_TASK BRIEF_
Check every line of the entries for "diagram", and copy the lines that hold it.

==============================

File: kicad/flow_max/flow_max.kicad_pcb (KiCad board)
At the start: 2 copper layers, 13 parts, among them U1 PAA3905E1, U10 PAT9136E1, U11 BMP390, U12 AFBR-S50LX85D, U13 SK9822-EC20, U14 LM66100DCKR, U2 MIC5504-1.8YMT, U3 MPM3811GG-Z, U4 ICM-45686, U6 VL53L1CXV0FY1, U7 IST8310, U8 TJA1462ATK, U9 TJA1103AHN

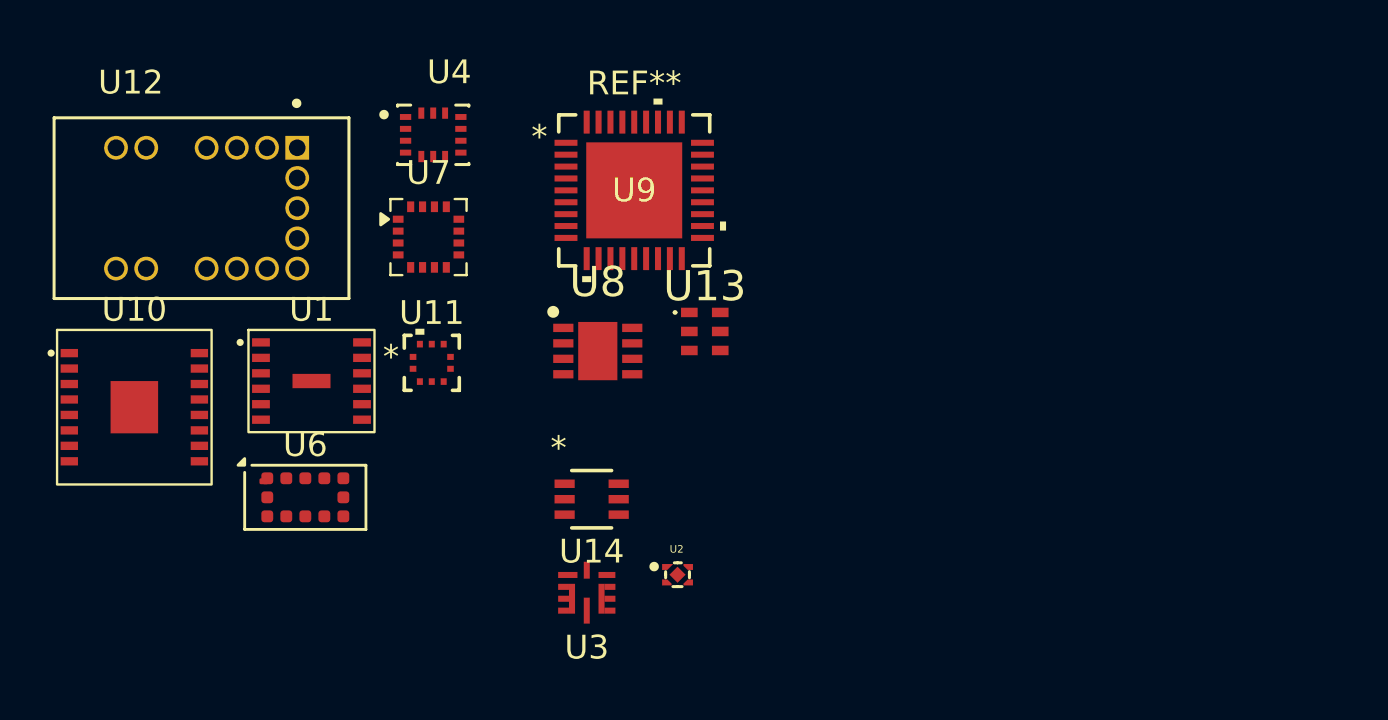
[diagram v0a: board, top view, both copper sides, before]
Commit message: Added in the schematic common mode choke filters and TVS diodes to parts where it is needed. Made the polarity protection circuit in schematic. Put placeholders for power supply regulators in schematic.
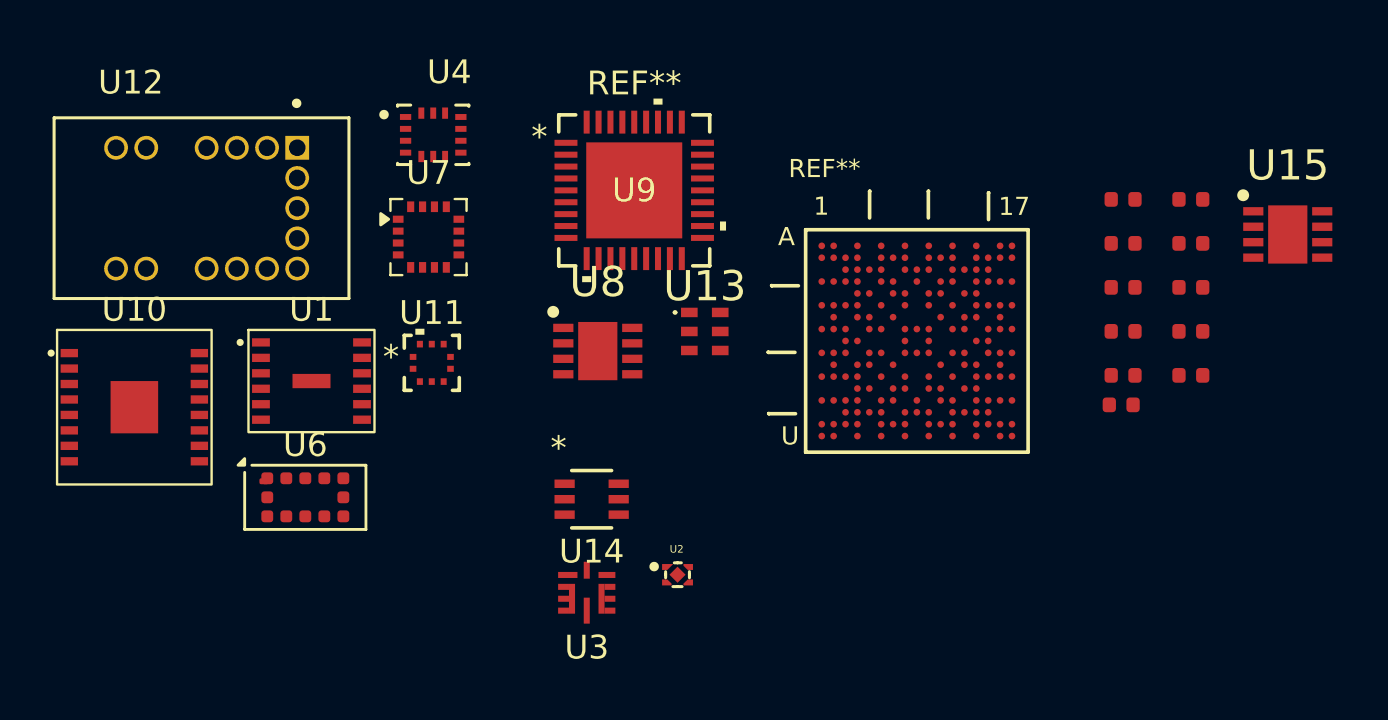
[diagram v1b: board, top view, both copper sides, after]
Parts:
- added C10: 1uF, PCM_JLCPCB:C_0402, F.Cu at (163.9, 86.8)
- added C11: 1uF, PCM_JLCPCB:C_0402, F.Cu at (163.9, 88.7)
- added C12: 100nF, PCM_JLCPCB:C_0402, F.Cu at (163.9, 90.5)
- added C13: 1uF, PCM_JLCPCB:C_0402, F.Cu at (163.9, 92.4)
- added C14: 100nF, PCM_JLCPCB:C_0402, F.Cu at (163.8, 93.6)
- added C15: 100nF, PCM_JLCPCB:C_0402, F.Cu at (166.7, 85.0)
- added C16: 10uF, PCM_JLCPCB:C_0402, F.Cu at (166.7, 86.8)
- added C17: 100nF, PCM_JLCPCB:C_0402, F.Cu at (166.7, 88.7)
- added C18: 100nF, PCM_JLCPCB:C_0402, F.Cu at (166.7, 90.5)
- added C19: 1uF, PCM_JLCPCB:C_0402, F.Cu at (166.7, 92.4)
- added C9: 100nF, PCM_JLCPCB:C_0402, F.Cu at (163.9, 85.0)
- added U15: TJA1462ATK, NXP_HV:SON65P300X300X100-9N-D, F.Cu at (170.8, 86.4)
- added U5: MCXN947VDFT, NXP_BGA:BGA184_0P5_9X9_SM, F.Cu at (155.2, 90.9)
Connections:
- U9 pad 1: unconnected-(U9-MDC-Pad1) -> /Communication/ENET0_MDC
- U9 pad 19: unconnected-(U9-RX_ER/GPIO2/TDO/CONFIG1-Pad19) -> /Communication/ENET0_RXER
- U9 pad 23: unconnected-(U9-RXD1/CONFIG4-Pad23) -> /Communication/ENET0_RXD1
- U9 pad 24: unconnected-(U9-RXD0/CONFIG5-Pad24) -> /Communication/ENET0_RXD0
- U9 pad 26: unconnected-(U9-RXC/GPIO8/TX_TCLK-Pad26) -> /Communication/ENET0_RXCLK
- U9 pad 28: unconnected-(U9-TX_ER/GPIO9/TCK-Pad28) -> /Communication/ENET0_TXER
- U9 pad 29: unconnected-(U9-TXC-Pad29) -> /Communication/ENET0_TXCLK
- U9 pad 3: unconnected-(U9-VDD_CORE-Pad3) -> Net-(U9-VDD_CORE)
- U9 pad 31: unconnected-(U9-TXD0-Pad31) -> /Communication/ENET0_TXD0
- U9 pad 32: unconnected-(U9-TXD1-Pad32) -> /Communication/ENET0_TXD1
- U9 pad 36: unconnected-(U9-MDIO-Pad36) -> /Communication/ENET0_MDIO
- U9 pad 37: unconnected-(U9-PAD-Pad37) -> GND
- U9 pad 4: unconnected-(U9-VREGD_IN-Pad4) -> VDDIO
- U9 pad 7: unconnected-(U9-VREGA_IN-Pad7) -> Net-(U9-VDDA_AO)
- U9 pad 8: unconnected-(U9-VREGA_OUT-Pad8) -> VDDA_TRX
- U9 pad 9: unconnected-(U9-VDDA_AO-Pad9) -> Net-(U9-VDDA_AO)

==============================

_THE COMPLETED TASK_
[diagram v0a: board, top view, both copper sides, before]
[diagram v1b: board, top view, both copper sides, after]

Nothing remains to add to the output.